I just clicked on Like, it came up with a box asking if I wanted to 'unlike' or post onto facebook. I unliked it again. Checked facebook - nothing there.

So I think that solves your accidental clickers and the "I might be logged into someone else's facebook".

But I really think, and I know this will offend but hey ho, that if your family are constantly dipping in and out of each other's facebook by accident, then you cannot be that arsed about protecting your online identity. Because, yes it requires a little effort to make sure that they/you are logged out but that's what you need to do when you share computers or laptops. To demand that MNHQ take off an app just because a few people can't be arsed to log themselves out of their own, or other peoples, facebook accounts is just flipping crap.

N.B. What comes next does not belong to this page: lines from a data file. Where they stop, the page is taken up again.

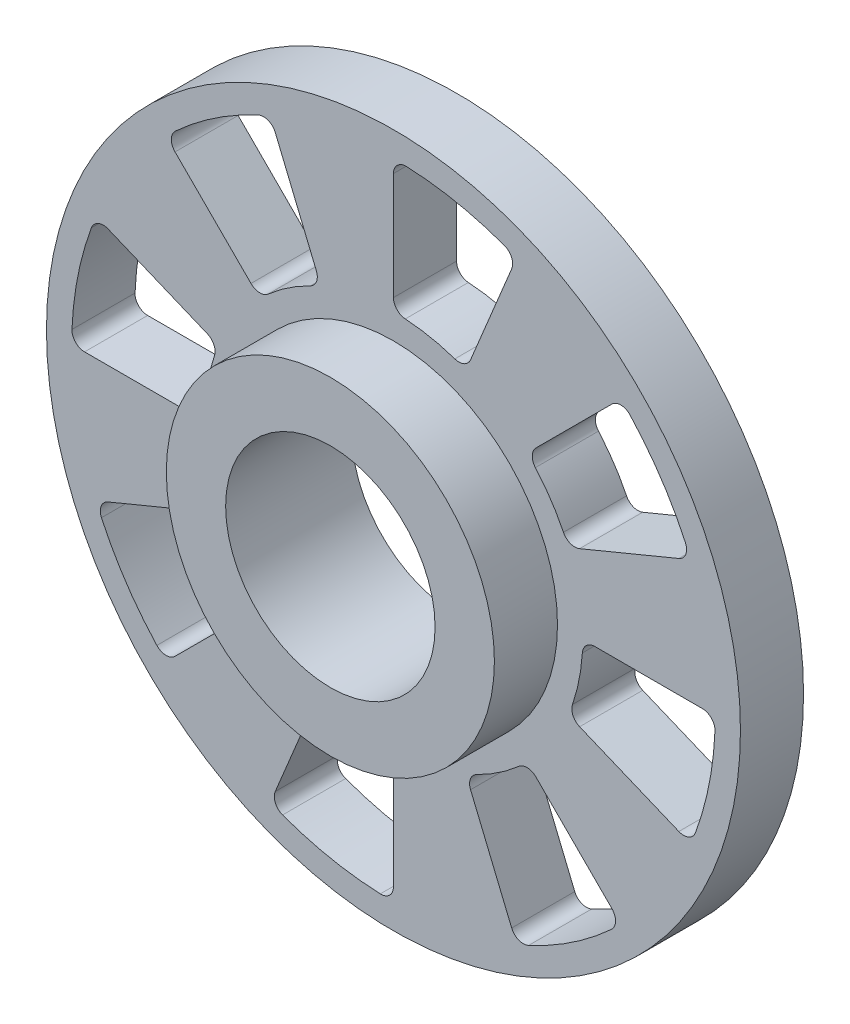
SolidWorks part; units mm, degrees
ref_plane "Front Plane" through (0, 0, 0) normal (0, 0, 1) x (1, 0, 0)
ref_plane "Top Plane" through (0, 0, 0) normal (0, 1, 0) x (1, 0, 0)
ref_plane "Right Plane" through (0, 0, 0) normal (1, 0, 0) x (0, 0, -1)
sketch "Sketch1" plane through (0, 0, 0) normal (0, 0, 1) x (1, 0, 0)
  circle A0 centre (0, 0) radius 4.15
  circle A1 centre (0, 0) radius 13.75
  dimension "D1" = 27.5
  dimension "D2" = 8.3
extrude "Boss-Extrude1" add sketch "Sketch1" along normal blind 2.5
sketch "Sketch2" plane through (0, 0, 2.5) normal (0, 0, 1) x (1, 0, 0)
  circle A0 centre (0, 0) radius 4.15
  circle A1 centre (0, 0) radius 6.5
  circle A2 centre (0, 0) radius 4.15 construction
  circle A3 centre (0, 0) radius 4 construction
  dimension "D1" = 8
  dimension "D2" = 2.5
extrude "Boss-Extrude2" add sketch "Sketch2" along normal blind 2.5
sketch "Sketch5" plane through (0, 0, 0) normal (0, 0, 1) x (1, 0, 0)
  line L0 (0, 0) -> (0, 7.5) construction
  line L1 (0, 7.5) -> (0, 12.75)
  line L2 (0, 0) -> (2.8701, 6.9291) construction
  line L3 (2.8701, 6.9291) -> (4.8792, 11.7795)
  circle A0 centre (0, 0) radius 12.75
  circle A1 centre (0, 0) radius 7.5
  circle A2 centre (0, 0) radius 13.75 construction
  circle A3 centre (0, 0) radius 6.5 construction
  dimension "D1" = 1
  dimension "D2" = 1
  dimension "D3" = 22.5
extrude "Cut-Extrude1" cut sketch "Sketch5" along normal through all contours A1 L3 A0 L1
fillet "Fillet1" radius 0.5 4 edges at (2.8701, 6.9291, 1.25) (4.8792, 11.7795, 1.25) (0, 7.5, 1.25) (0, 12.75, 1.25)
pattern_circular "CirPattern1" count 8 over 360 about axis through (0, 0, 0) along (0, 0, 1) of "Cut-Extrude1", "Fillet1"

The Like button now appears to be already a two-step process so if your ultra sensitive phone/laptop gets click-happy and clicks twice then you will have to sort that out won't you? Because surely it would be doing that on every other site you visited and it would be a friggin pain in the arse. Again, if you are happy to have a click-happy phone then don't expect MNHQ to cater just for you.

Problem over.

SirCliffRichardSucksEggsInHell · 21/12/2011 09:47

Quint - your problem I understand much more. Yes it isn't nice when people link to threads and talk about you behind your back. MNHQ I have noticed, haven't put this button onto relationships threads or other sensitive threads.

It's a risk though and as you say, it makes it easier for people to discuss these things on facebook. However I would much rather it was discussed on facebook than on secretive sites or blogs that I cannot access. I think people are much more likely to be careful what they say on facebook, where all their friends can see and even share the link with their friends, than they are on a closed site or forum. From what I have seen, when people have linked to threads on facebook they usually discuss Mumsnet in general or the thread in general rather than individual posters. I think on a public forum such as facebook people are aware that discussing individual posters is unfair and runs the possibility of the person doing the bitching, being turned against.

Mumsnet is a business, not a charity and I understand that they make decisions based on business but they do have the decency to reply personally to critcism, to take on board comments and to make changes which is more than most other websites would do. At the end of the day, this button might produce more members, bring in more advertising revenue, etc. So it makes sense economically. Many posters here run their own businesses, I wonder how far they would go for the sake of a few of their customers when on the other hand they could attract so many more new customers? I don't think MNHQ deserves the slagging off it is getting!

AitchTwoOHoHoHo · 21/12/2011 10:03

agreed, sircliff.

AitchTwoOHoHoHo · 21/12/2011 10:03

Wink Grin

SirCliffRichardSucksEggsInHell · 21/12/2011 10:04

Is that a first Aitch?

AitchTwoOHoHoHo · 21/12/2011 10:05

lol

SirCliffRichardSucksEggsInHell · 21/12/2011 10:05

fuck me it's chilly in here today! Xmas Grin

AitchTwoOHoHoHo · 21/12/2011 10:07

hahaha.

anyhoo am off to watch ANOTHER santa give more plasticky shite to my kid... wha's like us? god bless us, one and all.